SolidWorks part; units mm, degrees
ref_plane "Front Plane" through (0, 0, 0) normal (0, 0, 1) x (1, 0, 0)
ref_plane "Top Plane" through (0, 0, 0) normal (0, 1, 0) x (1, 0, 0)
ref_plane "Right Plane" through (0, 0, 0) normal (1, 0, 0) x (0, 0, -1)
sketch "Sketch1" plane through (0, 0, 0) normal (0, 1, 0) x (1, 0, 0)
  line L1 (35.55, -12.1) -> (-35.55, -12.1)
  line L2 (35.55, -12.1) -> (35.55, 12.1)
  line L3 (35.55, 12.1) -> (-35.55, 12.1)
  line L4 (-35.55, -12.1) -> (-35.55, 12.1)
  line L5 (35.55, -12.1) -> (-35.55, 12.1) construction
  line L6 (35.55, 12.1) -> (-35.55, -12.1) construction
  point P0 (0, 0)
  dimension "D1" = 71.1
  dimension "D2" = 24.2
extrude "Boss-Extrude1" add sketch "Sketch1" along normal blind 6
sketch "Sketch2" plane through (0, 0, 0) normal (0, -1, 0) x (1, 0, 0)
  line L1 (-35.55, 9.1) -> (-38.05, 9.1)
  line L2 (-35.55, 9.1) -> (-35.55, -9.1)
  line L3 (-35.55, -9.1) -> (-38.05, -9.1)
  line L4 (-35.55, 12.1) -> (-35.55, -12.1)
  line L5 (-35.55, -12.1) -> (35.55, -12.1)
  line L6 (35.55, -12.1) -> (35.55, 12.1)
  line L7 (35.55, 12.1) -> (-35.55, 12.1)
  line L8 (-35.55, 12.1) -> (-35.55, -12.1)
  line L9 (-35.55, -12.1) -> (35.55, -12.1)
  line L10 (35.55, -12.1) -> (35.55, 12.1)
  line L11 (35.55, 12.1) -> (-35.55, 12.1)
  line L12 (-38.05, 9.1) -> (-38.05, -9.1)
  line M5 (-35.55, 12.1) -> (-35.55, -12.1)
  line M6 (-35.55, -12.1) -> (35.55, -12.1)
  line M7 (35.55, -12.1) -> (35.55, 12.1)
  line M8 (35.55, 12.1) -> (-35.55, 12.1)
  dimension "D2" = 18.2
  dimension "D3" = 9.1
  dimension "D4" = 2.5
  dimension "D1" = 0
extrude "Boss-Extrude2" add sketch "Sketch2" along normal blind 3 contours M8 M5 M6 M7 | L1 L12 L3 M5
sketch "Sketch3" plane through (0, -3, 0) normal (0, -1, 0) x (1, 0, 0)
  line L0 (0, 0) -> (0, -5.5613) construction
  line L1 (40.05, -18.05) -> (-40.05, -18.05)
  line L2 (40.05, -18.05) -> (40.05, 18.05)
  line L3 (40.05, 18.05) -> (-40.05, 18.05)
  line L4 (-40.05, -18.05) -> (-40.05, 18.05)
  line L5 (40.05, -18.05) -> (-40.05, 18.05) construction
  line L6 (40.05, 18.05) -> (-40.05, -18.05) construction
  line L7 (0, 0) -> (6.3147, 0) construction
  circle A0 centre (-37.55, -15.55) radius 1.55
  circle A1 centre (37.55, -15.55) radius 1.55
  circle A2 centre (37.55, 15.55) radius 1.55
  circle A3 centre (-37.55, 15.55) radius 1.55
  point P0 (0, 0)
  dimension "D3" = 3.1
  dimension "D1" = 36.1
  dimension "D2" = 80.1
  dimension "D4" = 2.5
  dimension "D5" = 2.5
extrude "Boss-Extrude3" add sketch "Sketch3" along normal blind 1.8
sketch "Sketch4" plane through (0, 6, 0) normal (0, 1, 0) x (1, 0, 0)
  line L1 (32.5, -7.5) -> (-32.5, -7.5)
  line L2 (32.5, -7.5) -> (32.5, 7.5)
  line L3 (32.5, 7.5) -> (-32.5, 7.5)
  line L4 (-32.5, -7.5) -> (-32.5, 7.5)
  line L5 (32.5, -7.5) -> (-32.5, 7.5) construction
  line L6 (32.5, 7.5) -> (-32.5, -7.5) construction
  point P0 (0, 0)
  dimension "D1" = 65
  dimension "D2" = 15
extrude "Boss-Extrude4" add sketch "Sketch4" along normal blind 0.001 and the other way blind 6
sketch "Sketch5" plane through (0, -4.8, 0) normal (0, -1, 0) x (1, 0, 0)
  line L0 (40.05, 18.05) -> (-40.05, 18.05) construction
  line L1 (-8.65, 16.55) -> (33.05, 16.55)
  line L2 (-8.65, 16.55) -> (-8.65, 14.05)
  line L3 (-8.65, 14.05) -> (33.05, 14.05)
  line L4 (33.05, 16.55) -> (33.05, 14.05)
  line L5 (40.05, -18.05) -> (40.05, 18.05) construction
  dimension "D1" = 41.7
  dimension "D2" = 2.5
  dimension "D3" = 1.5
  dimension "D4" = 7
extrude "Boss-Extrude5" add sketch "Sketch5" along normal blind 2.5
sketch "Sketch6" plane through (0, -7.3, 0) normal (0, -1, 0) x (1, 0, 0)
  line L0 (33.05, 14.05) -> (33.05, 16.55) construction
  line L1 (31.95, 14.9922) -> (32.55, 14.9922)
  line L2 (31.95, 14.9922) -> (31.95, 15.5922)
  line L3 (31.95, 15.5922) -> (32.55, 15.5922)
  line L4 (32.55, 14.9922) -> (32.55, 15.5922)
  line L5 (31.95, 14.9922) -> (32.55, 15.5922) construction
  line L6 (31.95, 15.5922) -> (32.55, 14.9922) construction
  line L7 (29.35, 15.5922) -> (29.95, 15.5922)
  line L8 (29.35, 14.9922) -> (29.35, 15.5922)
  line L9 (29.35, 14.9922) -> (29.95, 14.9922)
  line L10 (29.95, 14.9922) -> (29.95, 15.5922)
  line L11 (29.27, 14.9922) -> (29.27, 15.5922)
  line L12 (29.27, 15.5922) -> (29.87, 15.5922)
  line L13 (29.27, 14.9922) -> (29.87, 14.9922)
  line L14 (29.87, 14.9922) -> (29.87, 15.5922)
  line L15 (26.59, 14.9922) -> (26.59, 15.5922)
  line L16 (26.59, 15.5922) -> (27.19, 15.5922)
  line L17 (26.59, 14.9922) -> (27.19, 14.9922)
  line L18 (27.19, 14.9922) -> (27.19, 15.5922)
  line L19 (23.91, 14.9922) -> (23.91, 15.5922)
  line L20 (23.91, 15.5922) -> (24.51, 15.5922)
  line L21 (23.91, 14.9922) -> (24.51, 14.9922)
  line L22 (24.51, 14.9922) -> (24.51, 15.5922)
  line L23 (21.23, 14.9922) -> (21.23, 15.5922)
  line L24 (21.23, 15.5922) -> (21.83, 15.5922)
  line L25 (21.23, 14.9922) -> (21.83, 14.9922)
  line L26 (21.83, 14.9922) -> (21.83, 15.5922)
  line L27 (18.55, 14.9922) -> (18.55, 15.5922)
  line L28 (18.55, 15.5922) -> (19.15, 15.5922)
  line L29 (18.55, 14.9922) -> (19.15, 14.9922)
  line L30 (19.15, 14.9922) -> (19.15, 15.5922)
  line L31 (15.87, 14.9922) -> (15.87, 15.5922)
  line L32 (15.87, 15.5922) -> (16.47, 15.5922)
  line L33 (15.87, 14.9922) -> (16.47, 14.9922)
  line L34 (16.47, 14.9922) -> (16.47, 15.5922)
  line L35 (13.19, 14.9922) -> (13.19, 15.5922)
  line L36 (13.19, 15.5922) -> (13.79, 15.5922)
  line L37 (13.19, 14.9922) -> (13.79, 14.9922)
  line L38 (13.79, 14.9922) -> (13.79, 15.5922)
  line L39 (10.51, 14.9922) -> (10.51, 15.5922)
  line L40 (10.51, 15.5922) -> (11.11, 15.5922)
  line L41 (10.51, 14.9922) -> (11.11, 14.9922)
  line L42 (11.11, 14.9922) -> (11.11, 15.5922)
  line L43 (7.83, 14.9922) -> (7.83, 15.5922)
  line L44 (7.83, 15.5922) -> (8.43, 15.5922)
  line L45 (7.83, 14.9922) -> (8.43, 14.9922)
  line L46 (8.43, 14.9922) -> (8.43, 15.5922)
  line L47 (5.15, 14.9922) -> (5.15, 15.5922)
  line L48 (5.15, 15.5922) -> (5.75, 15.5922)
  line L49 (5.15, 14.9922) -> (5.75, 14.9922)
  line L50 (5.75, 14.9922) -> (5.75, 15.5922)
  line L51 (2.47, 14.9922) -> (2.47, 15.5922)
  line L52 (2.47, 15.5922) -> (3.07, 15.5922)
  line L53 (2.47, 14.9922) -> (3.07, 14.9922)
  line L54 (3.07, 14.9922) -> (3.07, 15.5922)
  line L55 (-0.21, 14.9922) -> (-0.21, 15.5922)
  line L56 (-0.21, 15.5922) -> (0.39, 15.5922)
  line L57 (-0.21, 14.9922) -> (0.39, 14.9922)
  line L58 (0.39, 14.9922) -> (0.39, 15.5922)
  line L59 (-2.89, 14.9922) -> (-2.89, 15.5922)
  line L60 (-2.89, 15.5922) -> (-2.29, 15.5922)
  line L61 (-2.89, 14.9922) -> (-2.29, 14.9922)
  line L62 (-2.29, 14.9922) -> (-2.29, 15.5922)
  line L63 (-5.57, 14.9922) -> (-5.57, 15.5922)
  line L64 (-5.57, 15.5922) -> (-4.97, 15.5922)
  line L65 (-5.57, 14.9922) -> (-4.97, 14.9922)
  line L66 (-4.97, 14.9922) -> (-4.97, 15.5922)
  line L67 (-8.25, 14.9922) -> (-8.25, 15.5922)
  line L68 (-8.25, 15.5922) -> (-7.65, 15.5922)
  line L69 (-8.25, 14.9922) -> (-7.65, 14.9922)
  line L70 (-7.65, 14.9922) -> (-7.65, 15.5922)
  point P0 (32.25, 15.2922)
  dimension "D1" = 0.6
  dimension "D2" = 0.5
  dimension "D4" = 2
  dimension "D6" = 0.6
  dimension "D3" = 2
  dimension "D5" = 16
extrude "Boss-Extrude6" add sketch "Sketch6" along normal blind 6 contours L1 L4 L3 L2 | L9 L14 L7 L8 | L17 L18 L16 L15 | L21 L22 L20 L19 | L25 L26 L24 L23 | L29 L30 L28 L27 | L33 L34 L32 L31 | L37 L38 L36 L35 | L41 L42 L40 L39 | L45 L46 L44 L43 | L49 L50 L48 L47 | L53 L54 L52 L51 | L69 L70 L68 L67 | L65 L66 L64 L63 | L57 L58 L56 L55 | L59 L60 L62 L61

***

### TASK GOAL:
Above are the records; from them, give again exactly the lines from the one containing "line L29 (18.55, 14.9922)" through the one containing "line L38 (13.79, 14.9922)", both included.

### SOLVED PROBLEM:
  line L29 (18.55, 14.9922) -> (19.15, 14.9922)
  line L30 (19.15, 14.9922) -> (19.15, 15.5922)
  line L31 (15.87, 14.9922) -> (15.87, 15.5922)
  line L32 (15.87, 15.5922) -> (16.47, 15.5922)
  line L33 (15.87, 14.9922) -> (16.47, 14.9922)
  line L34 (16.47, 14.9922) -> (16.47, 15.5922)
  line L35 (13.19, 14.9922) -> (13.19, 15.5922)
  line L36 (13.19, 15.5922) -> (13.79, 15.5922)
  line L37 (13.19, 14.9922) -> (13.79, 14.9922)
  line L38 (13.79, 14.9922) -> (13.79, 15.5922)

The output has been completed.